Why do we need a new human pangenome reference?
The original human genome reference sequence is outdated.
The original human genome reference sequence was generated by the Human Genome Project in 2003. While this reference sequence has been regularly updated as researchers fixed errors and filled in missing regions of the genome, it only reflected data generated from about 20 people. Most of that first human genome reference sequence was just from one person.
The previous human genome reference sequence has missing pieces (i.e., gaps).

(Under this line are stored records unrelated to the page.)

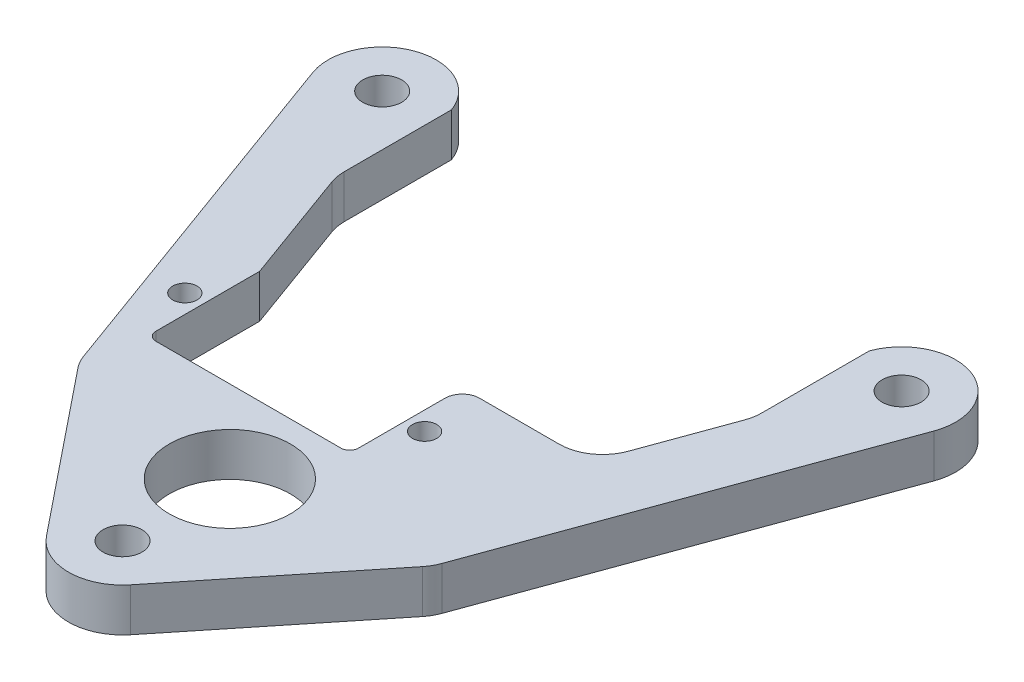
SolidWorks part; units mm, degrees
ref_plane "Front Plane" through (0, 0, 0) normal (0, 0, 1) x (1, 0, 0)
ref_plane "Top Plane" through (0, 0, 0) normal (0, 1, 0) x (1, 0, 0)
ref_plane "Right Plane" through (0, 0, 0) normal (1, 0, 0) x (0, 0, -1)
sketch "Sketch2" plane through (0, 0, 0) normal (0, 1, 0) x (1, 0, 0)
  line L0 (-21.2, 0) -> (6.5, 0) construction
  line L2 (4.35, -6.5) -> (-19.05, -6.5)
  line L3 (4.35, -6.5) -> (4.35, 6.5)
  line L4 (4.35, 6.5) -> (-19.05, 6.5)
  line L5 (-19.05, -6.5) -> (-19.05, 6.5)
  line L6 (4.35, -6.5) -> (-19.05, 6.5) construction
  line L7 (4.35, 6.5) -> (-19.05, -6.5) construction
  circle A0 centre (0, 0) radius 6.8505 construction
  circle A1 centre (6.5, 0) radius 1.4
  circle A2 centre (-21.2, 0) radius 1.4
  circle A3 centre (0, 0) radius 1.4 construction
  point P10 (-7.35, 0)
  dimension "D2" = 2.8
  dimension "D1" = 27.7
  dimension "D3" = 6.5
  dimension "D4" = 23.4
  dimension "D5" = 13
sketch "Sketch1" plane through (0, 0, 0) normal (0, 1, 0) x (1, 0, 0)
  line L0 (0, 0) -> (30, 0) construction
  line L1 (30, 0) -> (30, 31.6) construction
  line L2 (0, 9) -> (15.1232, 9)
  line L3 (15.1232, 9) -> (24.1269, 33.7376)
  line L5 (20.418, -13) -> (35.8731, 29.4624)
  line L6 (0, 9) -> (0, -9)
  line L7 (4.35, 6.5) -> (-19.05, 6.5) construction
  line L8 (30, 31.6) -> (0, 31.6) construction
  line L9 (20.418, -13) -> (4.8688, -32.3188)
  line L10 (0, -28.4) -> (0, 0) construction
  line L11 (0, -28.4) -> (0, -34.65) construction
  line L12 (0, -26.15) -> (0, -9)
  line L13 (0, -30.65) -> (0, -34.65)
  circle A0 centre (30, 31.6) radius 2.25
  arc A1 (35.8731, 29.4624) -> (24.1269, 33.7376) centre (30, 31.6) ccw
  arc A2 (0, -30.65) -> (0, -26.15) centre (0, -28.4) ccw
  arc A3 (0, -34.65) -> (4.8688, -32.3188) centre (0, -28.4) ccw
  point P5 (16.0713, -5.1237)
  point P15 (0, 0)
  point P18 (27.4919, 0)
  point P22 (23.5359, -9)
  point P23 (22.8637, -12.6807)
  dimension "D3" = 4
  dimension "D4" = 4.5
  dimension "D1" = 31.6
  dimension "D2" = 30
  dimension "D5" = 2.5
  dimension "D6" = 110
  dimension "D7" = 28.4
  dimension "D8" = 13
extrude "Boss-Extrude1" add sketch "Sketch1" along normal blind 5
mirror "Mirror1" about plane through (0, 0, 0) normal (1, 0, 0) of "Boss-Extrude1"
sketch "Sketch3" plane through (0, 5, 0) normal (0, 1, 0) x (1, 0, 0)
  line L0 (-24.1269, 33.7376) -> (-24.1269, 20.4487)
  line L1 (-24.1269, 20.4487) -> (-19.05, 6.5)
  line L2 (-19.05, 6.5) -> (0, 6.5)
  line L3 (4.35, 6.5) -> (-19.05, 6.5) construction
  line L4 (0, 6.5) -> (0, 9)
  line L9 (15.1232, 9) -> (-15.1232, 9)
  line L10 (-15.1232, 9) -> (-24.1269, 33.7376)
  line L12 (-15.1232, 9) -> (-24.1269, 33.7376)
  line L14 (4.8688, -32.3188) -> (20.418, -13)
  line L16 (20.418, -13) -> (35.8731, 29.4624)
  line L17 (24.1269, 33.7376) -> (15.1232, 9)
  line L18 (15.1232, 9) -> (-15.1232, 9)
  line L23 (4.8688, -32.3188) -> (20.418, -13)
  line L25 (20.418, -13) -> (35.8731, 29.4624)
  line L26 (24.1269, 33.7376) -> (15.1232, 9)
  line L32 (-35.8731, 29.4624) -> (-20.418, -13)
  line L33 (-35.8731, 29.4624) -> (-20.418, -13)
  line L36 (-20.418, -13) -> (-4.8688, -32.3188)
  line L37 (-20.418, -13) -> (-4.8688, -32.3188)
  arc A3 (-24.1269, 33.7376) -> (-35.8731, 29.4624) centre (-30, 31.6) ccw
  arc A4 (-4.8688, -32.3188) -> (4.8688, -32.3188) centre (0, -28.4) ccw
  arc A5 (35.8731, 29.4624) -> (24.1269, 33.7376) centre (30, 31.6) ccw
  arc A7 (-4.8688, -32.3188) -> (4.8688, -32.3188) centre (0, -28.4) ccw
  arc A8 (35.8731, 29.4624) -> (24.1269, 33.7376) centre (30, 31.6) ccw
  arc A10 (-24.1269, 33.7376) -> (-35.8731, 29.4624) centre (-30, 31.6) ccw
  line M14 (15.1232, 9) -> (-15.1232, 9)
  line M15 (-15.1232, 9) -> (-24.1269, 33.7376)
  dimension "D1" = 0
extrude "Cut-Extrude1" cut sketch "Sketch3" against normal through all both and the other way through all contours L2 L4 L0 L1 M14 M15
mirror "Mirror2" about plane through (0, 0, 0) normal (1, 0, 0) of "Cut-Extrude1"
sketch "Sketch4" plane through (0, 5, 0) normal (0, 1, 0) x (1, 0, 0)
  line L0 (4.35, -6.5) -> (4.35, 6.5) construction
  line L1 (4.35, -6.5) -> (-19.05, -6.5) construction
  line L2 (-19.05, -6.5) -> (-19.05, 6.5) construction
  line L3 (4.35, -6.5) -> (4.35, 6.5)
  line L4 (4.35, -6.5) -> (-19.05, -6.5)
  line L5 (-19.05, -6.5) -> (-19.05, 6.5)
  line L6 (-19.05, 6.5) -> (4.35, 6.5)
  circle A0 centre (6.5, 0) radius 1.4 construction
  circle A1 centre (-21.2, 0) radius 1.4 construction
  circle A2 centre (6.5, 0) radius 1.4
  circle A3 centre (-21.2, 0) radius 1.4
extrude "Cut-Extrude2" cut sketch "Sketch4" against normal through all both and the other way through all
fillet "Fillet1" radius 5 5 edges at (20.418, 2.5, 13) (-20.418, 2.5, 13) (24.1269, 2.5, -20.4487) (19.05, 2.5, -6.5) (-24.1269, 2.5, -20.4487)
fillet "Fillet2" radius 1 2 edges at (4.35, 2.5, 6.5) (-19.05, 2.5, 6.5)
fillet "Fillet3" radius 2 1 edges at (4.35, 2.5, -6.5)
ref_plane "Plane1" through (-7.35, 0, 0) normal (1, 0, 0) x (0, 0, -1)
sketch "Sketch5" plane through (0, 5, 0) normal (0, 1, 0) x (1, 0, 0)
  line L0 (0, -2.75) -> (0, 2.75) construction
  circle A0 centre (0, -16) radius 7
  point P4 (0, -15.9979)
  dimension "D1" = 14
  dimension "D2" = 16
extrude "Cut-Extrude3" cut sketch "Sketch5" against normal through all

The previous human genome reference sequence is only 92% complete, with an estimated 8% of the human genome missing because of gaps in the sequence. Recently, new types of DNA sequencing technologies have helped researchers read longer stretches of DNA at a time, allowing them to fill in missing sequences within those gaps, especially in areas that were repetitive and harder to read. The new human pangenome reference is more comprehensive and incorporates the missing 8% of the human genome sequence, adding over 100 million new bases.
A human pangenome reference better reflects human diversity.
The new human pangenome reference includes genomic data from 47 people who are collectively more globally diverse. Researchers expect that number to reach 350 people by 2024. A human pangenome reference that better reflects genomic variation across all human populations will help ensure that it is beneficial for everyone and that genomics will advance in an equitable way.
The new human pangenome reference can help researchers make more genomic discoveries.
The new human pangenome reference will help researchers analyze human genome sequences and understand how genomic variants influence human health. Using the human pangenome reference, researchers are already finding genomic variants that were not previously identified using the older human genome reference sequences.